3\. emacs with elpy, rainbow-delimiters and web-mode using monokai theme

4\. i3 window manager

5\. weechat

And I am looking for a proper email client (webmail or whatever).

------
twobyfour
Software team lead / manager. Aside from the self-evident non-role-specific
stuff (browser, email, slack):

1) Jira 2) [Text editor of choice] 3) Mac/Unix command line 4) Git 5) [To-do
manager of choice]

------
pwason
Firefox, M$ Office (:/), XenCenter, RoyalTS (all on Windows), and misc. Linuxy
stuff..

I'm the IT Guy for a small non-profit research and development company in the
higher education sector.

Firefox is used for Spiceworks, various web-based management consoles for our
storage devices (and webmin on Linux VMs), and general web stuff. M$ Office is
mostly just Outlook and Excel. XenCenter to manage our XenServer
infrastructure, and RoyalTS is for RDC-ing to various servers and
workstations.
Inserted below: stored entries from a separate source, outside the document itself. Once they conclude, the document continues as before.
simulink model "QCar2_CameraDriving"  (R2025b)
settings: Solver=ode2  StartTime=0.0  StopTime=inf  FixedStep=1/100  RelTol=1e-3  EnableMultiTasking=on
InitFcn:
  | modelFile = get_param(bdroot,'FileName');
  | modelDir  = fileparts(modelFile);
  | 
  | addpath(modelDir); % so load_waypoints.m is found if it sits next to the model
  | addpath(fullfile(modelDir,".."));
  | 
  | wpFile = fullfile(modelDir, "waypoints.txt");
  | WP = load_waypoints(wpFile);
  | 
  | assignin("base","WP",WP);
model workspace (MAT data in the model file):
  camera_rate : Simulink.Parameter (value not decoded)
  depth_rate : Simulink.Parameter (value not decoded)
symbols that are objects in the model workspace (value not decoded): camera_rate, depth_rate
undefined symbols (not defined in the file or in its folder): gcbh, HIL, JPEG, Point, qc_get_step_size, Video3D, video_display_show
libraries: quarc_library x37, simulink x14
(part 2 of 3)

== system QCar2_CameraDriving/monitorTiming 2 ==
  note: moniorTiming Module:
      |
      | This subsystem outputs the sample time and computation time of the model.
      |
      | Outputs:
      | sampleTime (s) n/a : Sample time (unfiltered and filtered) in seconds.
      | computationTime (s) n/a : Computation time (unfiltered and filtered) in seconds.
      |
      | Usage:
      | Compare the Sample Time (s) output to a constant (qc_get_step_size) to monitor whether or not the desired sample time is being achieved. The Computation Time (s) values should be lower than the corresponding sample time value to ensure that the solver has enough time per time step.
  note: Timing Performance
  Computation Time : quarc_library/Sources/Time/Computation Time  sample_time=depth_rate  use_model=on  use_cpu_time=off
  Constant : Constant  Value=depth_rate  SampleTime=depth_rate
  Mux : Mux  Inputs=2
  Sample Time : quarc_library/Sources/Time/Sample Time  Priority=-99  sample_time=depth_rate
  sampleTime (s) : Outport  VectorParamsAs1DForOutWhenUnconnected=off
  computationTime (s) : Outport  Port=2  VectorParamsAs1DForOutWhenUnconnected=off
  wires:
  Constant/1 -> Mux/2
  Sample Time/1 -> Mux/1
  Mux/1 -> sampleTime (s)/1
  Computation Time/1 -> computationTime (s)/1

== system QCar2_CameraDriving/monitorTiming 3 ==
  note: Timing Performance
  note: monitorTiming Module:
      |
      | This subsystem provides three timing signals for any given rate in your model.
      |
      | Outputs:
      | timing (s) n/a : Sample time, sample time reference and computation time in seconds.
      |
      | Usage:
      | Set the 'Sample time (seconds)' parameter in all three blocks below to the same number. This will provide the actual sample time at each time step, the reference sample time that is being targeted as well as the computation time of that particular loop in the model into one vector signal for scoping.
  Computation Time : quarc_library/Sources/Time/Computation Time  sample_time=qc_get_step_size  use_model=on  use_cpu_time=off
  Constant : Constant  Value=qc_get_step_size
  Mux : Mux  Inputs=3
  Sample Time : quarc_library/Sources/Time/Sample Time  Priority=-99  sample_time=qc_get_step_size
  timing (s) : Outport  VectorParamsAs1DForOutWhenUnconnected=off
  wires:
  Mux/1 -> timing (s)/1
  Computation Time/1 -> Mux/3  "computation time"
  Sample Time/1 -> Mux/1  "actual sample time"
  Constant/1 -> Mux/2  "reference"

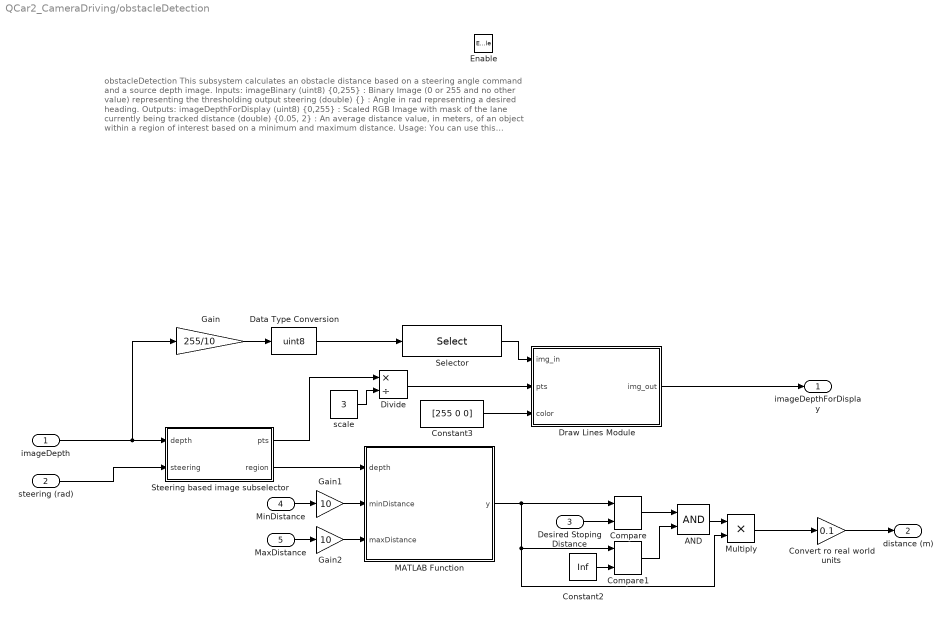
== system QCar2_CameraDriving/obstacleDetection ==
  note: obstacleDetection
      | This subsystem calculates an obstacle distance based on a steering angle command and a source depth image.
      |
      | Inputs:
      | imageBinary (uint8) {0,255} : Binary Image (0 or 255 and no other value) representing the thresholding output
      | steering (double) {} : Angle in rad representing a desired heading.
      |
      | Outputs:
      | imageDepthForDisplay (uint8) {0,255} : Scaled RGB Image with mask of the lane currently being tracked
      | distance (double) {0.05, 2} : An average distance value, in meters, of an object within a region of interest based on a minimum and maximum distance.
      |
      | Usage:
      |
      | You can use this subsystem to determine if the desired heading angle will cause the car to colllide with an obstacle by examining the distances from a region of interest within the depth image and calculating how far the obstacle is.
  imageDepth : Inport
  steering (rad) : Inport  Port=2
  Desired Stoping Distance : Inport  Port=3
  MinDistance : Inport  Port=4
  MaxDistance : Inport  Port=5
  Enable : EnablePort  PropagateVarSize=During execution
  AND : Logic  AllPortsSameDT=off  OutDataTypeStr=boolean
  Compare : quarc_library/Logic Operations/Compare  operator=>=  output_data_type=boolean
      settings: SourceProductName=QUARC Targets
  Compare1 : quarc_library/Logic Operations/Compare  operator=<  output_data_type=boolean
      settings: SourceProductName=QUARC Targets
  Constant2 : Constant  Value=Inf
  Constant3 : Constant  Value=[255 0 0]
  Convert ro real world units : Gain  Gain=0.1
  Data Type Conversion : DataTypeConversion  OutDataTypeStr=uint8  SaturateOnIntegerOverflow=off  RndMeth=Floor
  Divide : Product  Inputs=*/  OutDataTypeStr=Inherit: Inherit via back propagation
  Draw Lines Module : MATLAB Function  TreatAsAtomicUnit=on
  Gain : Gain  Gain=255/10
  Gain1 : Gain  Gain=10
  Gain2 : Gain  Gain=10
  MATLAB Function : MATLAB Function  TreatAsAtomicUnit=on
  Multiply : Product
  Selector : Selector  NumberOfDimensions=2  InputPortWidth=3  IndexOptions=Index vector (dialog),Index vector (dialog)  Indices=[1:3:360],[1:3:640]  OutputSizes=1,1
  Steering based image subselector : MATLAB Function  TreatAsAtomicUnit=on
  scale : Constant  Value=3
  imageDepthForDisplay : Outport  VectorParamsAs1DForOutWhenUnconnected=off
  distance (m) : Outport  Port=2  VectorParamsAs1DForOutWhenUnconnected=off
  wires:
  Constant3/1 -> Draw Lines Module/3(color)
  Steering based image subselector/1(pts) -> Divide/1
  Steering based image subselector/2(region) -> MATLAB Function/1(depth)
  steering (rad)/1 -> Steering based image subselector/2(steering)
  Multiply/1 -> Convert ro real world units/1
  MaxDistance/1 -> Gain2/1
  MinDistance/1 -> Gain1/1
  MATLAB Function/1(y) -> Compare/1, Multiply/2, Compare1/1
  imageDepth/1 -> Steering based image subselector/1(depth), Gain/1
  Selector/1 -> Draw Lines Module/1(img_in)
  Data Type Conversion/1 -> Selector/1
  Divide/1 -> Draw Lines Module/2(pts)
  Draw Lines Module/1(img_out) -> imageDepthForDisplay/1
  scale/1 -> Divide/2
  Gain/1 -> Data Type Conversion/1
  Desired Stoping Distance/1 -> Compare/2
  Compare/1 -> AND/1
  Compare1/1 -> AND/2
  Constant2/1 -> Compare1/2
  AND/1 -> Multiply/1
  Convert ro real world units/1 -> distance (m)/1
  Gain1/1 -> MATLAB Function/2(minDistance)
  Gain2/1 -> MATLAB Function/3(maxDistance)

== system QCar2_CameraDriving/odometry ==
  v_in : Inport
  steer_in : Inport  Port=2
  Ts_const : Constant  Value=0.02
  odometry_step : MATLAB Function  TreatAsAtomicUnit=on
  state_delay : UnitDelay  InitialCondition=[0;0;0]  SampleTime=-1  HasFrameUpgradeWarning=on
  pose_out : Outport
  wires:
  state_delay/1 -> odometry_step/1(prev_state)
  v_in/1 -> odometry_step/2(v)
  steer_in/1 -> odometry_step/3(steer)
  Ts_const/1 -> odometry_step/4(Ts)
  odometry_step/1(pose_next) -> state_delay/1, pose_out/1

== system QCar2_CameraDriving/pointCloud ==
  note: Convert LIDAR information to Point Cloud Image
  note: pointCloud Module:
      |
      | This subsystem generates a point cloud image based on LIDAR data.
      |
      | Inputs:
      | distances (m) n/a : Distances measured by LIDAR
      | headings (rad) n/a : Headings at which distances are measured
      |
      | Outputs:
      | map (px) {0, 1} : 400 x 400 point cloud image
      |
      | Usage:
      | The data is dynamically saturated based on the maximumDistance (m) constant. To prevent a circle with radius being the maximumDistance showing up in the point cloud as a result of this saturation, data points corresponding to this are dropped in the findXYContour function. The function contourToPointCloud updates pixels in the map to 1 at new locations, and decays older data at the rate specified by the decay parameter.
  distances (m) : Inport
  heading (rad) : Inport  Port=2
  Constant1 : Constant  Value=0
  Saturation Dynamic : simulink/Discontinuities/Saturation Dynamic  OutMin=[]  OutMax=[]  OutDataTypeStr=Inherit: Same as second input  OutDataType=fixdt(1, 16)  OutScaling=2^-10  DoSatur=off
  contourToPointCloud : MATLAB Function  TreatAsAtomicUnit=on
  decay : Constant  Value=0
  findXYContour : MATLAB Function  TreatAsAtomicUnit=on
  maximumDistance (m) : Constant  Value=4
  map : Outport  VectorParamsAs1DForOutWhenUnconnected=off
  wires:
  distances (m)/1 -> Saturation Dynamic/2
  contourToPointCloud/1(mapOut) -> map/1
  Saturation Dynamic/1 -> findXYContour/1(distances)
  maximumDistance (m)/1 -> findXYContour/3(d_max), Saturation Dynamic/1
  Constant1/1 -> Saturation Dynamic/3
  decay/1 -> contourToPointCloud/3(decay)
  findXYContour/1(X) -> contourToPointCloud/1(X)
  findXYContour/2(Y) -> contourToPointCloud/2(Y)
  heading (rad)/1 -> findXYContour/2(heading)

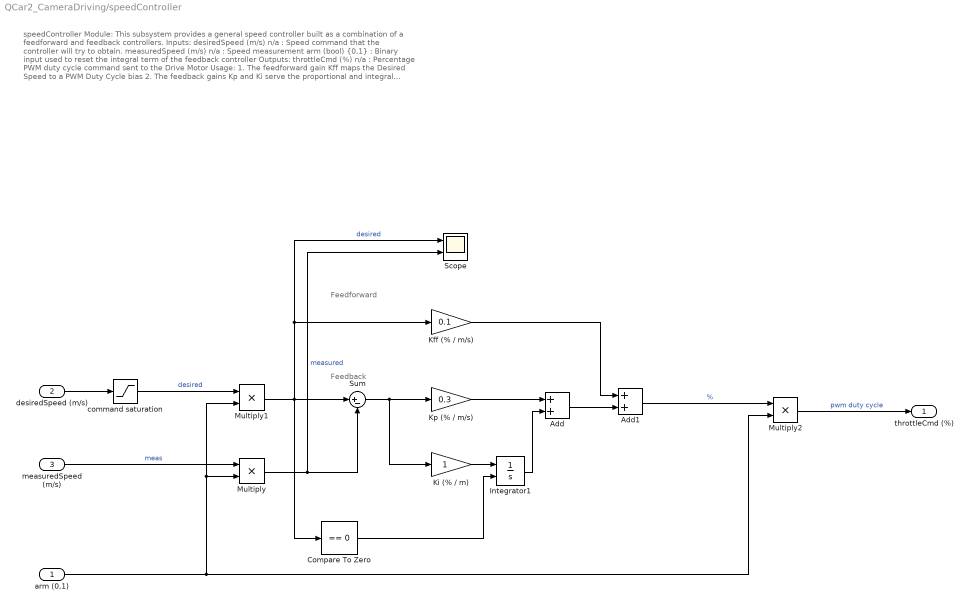
== system QCar2_CameraDriving/speedController ==
  note: Feedforward
  note: Feedback
  note: speedController Module:
      |
      | This subsystem provides a general speed controller built as a combination of a feedforward and feedback controllers.
      |
      | Inputs:
      | desiredSpeed (m/s) n/a : Speed command that the controller will try to obtain.
      | measuredSpeed (m/s) n/a : Speed measurement
      | arm (bool) {0,1} : Binary input used to reset the integral term of the feedback controller
      |
      | Outputs:
      | throttleCmd (%) n/a : Percentage PWM duty cycle command sent to the Drive Motor
      |
      | Usage:
      | 1. The feedforward gain Kff maps the Desired Speed to a PWM Duty Cycle bias
      | 2. The feedback gains Kp and Ki serve the proportional and integral terms to output corrections to the PWM Duty Cycle so as to regulate the desired speed.
  arm (0,1) : Inport
  desiredSpeed (m/s) : Inport  Port=2
  measuredSpeed (m/s) : Inport  Port=3
  Add : Sum
  Add1 : Sum
  Compare To Zero : simulink/Logic and Bit Operations/Compare To Zero  relop===  OutDataTypeStr=boolean
  Integrator1 : Integrator  ExternalReset=either  LimitOutput=on  UpperSaturationLimit=0.4  LowerSaturationLimit=-0.4
  Kff (% / m/s) : Gain  Gain=0.1
  "Ki (% / m) " : Gain
  Kp (% / m/s) : Gain  Gain=0.3
  Multiply : Product
  Multiply1 : Product
  Multiply2 : Product
  Scope : Scope  NumInputPorts=2
      settings: Title=Control Performance  ActiveDisplayYMinimum=0.76298814046961727  ActiveDisplayYMaximum=2.5122465814768962  YLabel=m/s
  Sum : Sum  Inputs=|+-
  command saturation : Saturate  UpperLimit=5  LowerLimit=-5
  throttleCmd (%) : Outport  VectorParamsAs1DForOutWhenUnconnected=off
  wires:
  command saturation/1 -> Multiply1/1  "desired"
  arm (0,1)/1 -> Multiply1/2, Multiply/2, Multiply2/2
  measuredSpeed (m/s)/1 -> Multiply/1  "meas"
  Multiply/1 -> Sum/2, Scope/2  "measured"
  Add/1 -> Add1/2
  Add1/1 -> Multiply2/1  "%"
  Multiply1/1 -> Compare To Zero/1, Sum/1, Kff (% / m/s)/1, Scope/1  "desired"
  Integrator1/1 -> Add/2
  Multiply2/1 -> throttleCmd (%)/1  "pwm duty cycle"
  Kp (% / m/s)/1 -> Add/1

Most Linux admin is done via webmin, or shell.

------
Communitivity
Emacs, Eclipse, Lein, Maven, Node. Two additional ones are in my kit box by
default, for different reasons, Java and MS Office. Java is required for Lein,
Eclipse, and Maven, and occasional Java components. Node is needed for tool
automation, in my case. Emacs is used for general editing needs, and Clojure
coding. MS Office is needed because any delivery which does not include
documentation doesn't count, and many I work with require documentation in MS
Office form.

------
jamesjguthrie
Research engineer

Every single working day for the past 3 or 4 years vim, terminal, C++, Chrome,
and just recently CUDA.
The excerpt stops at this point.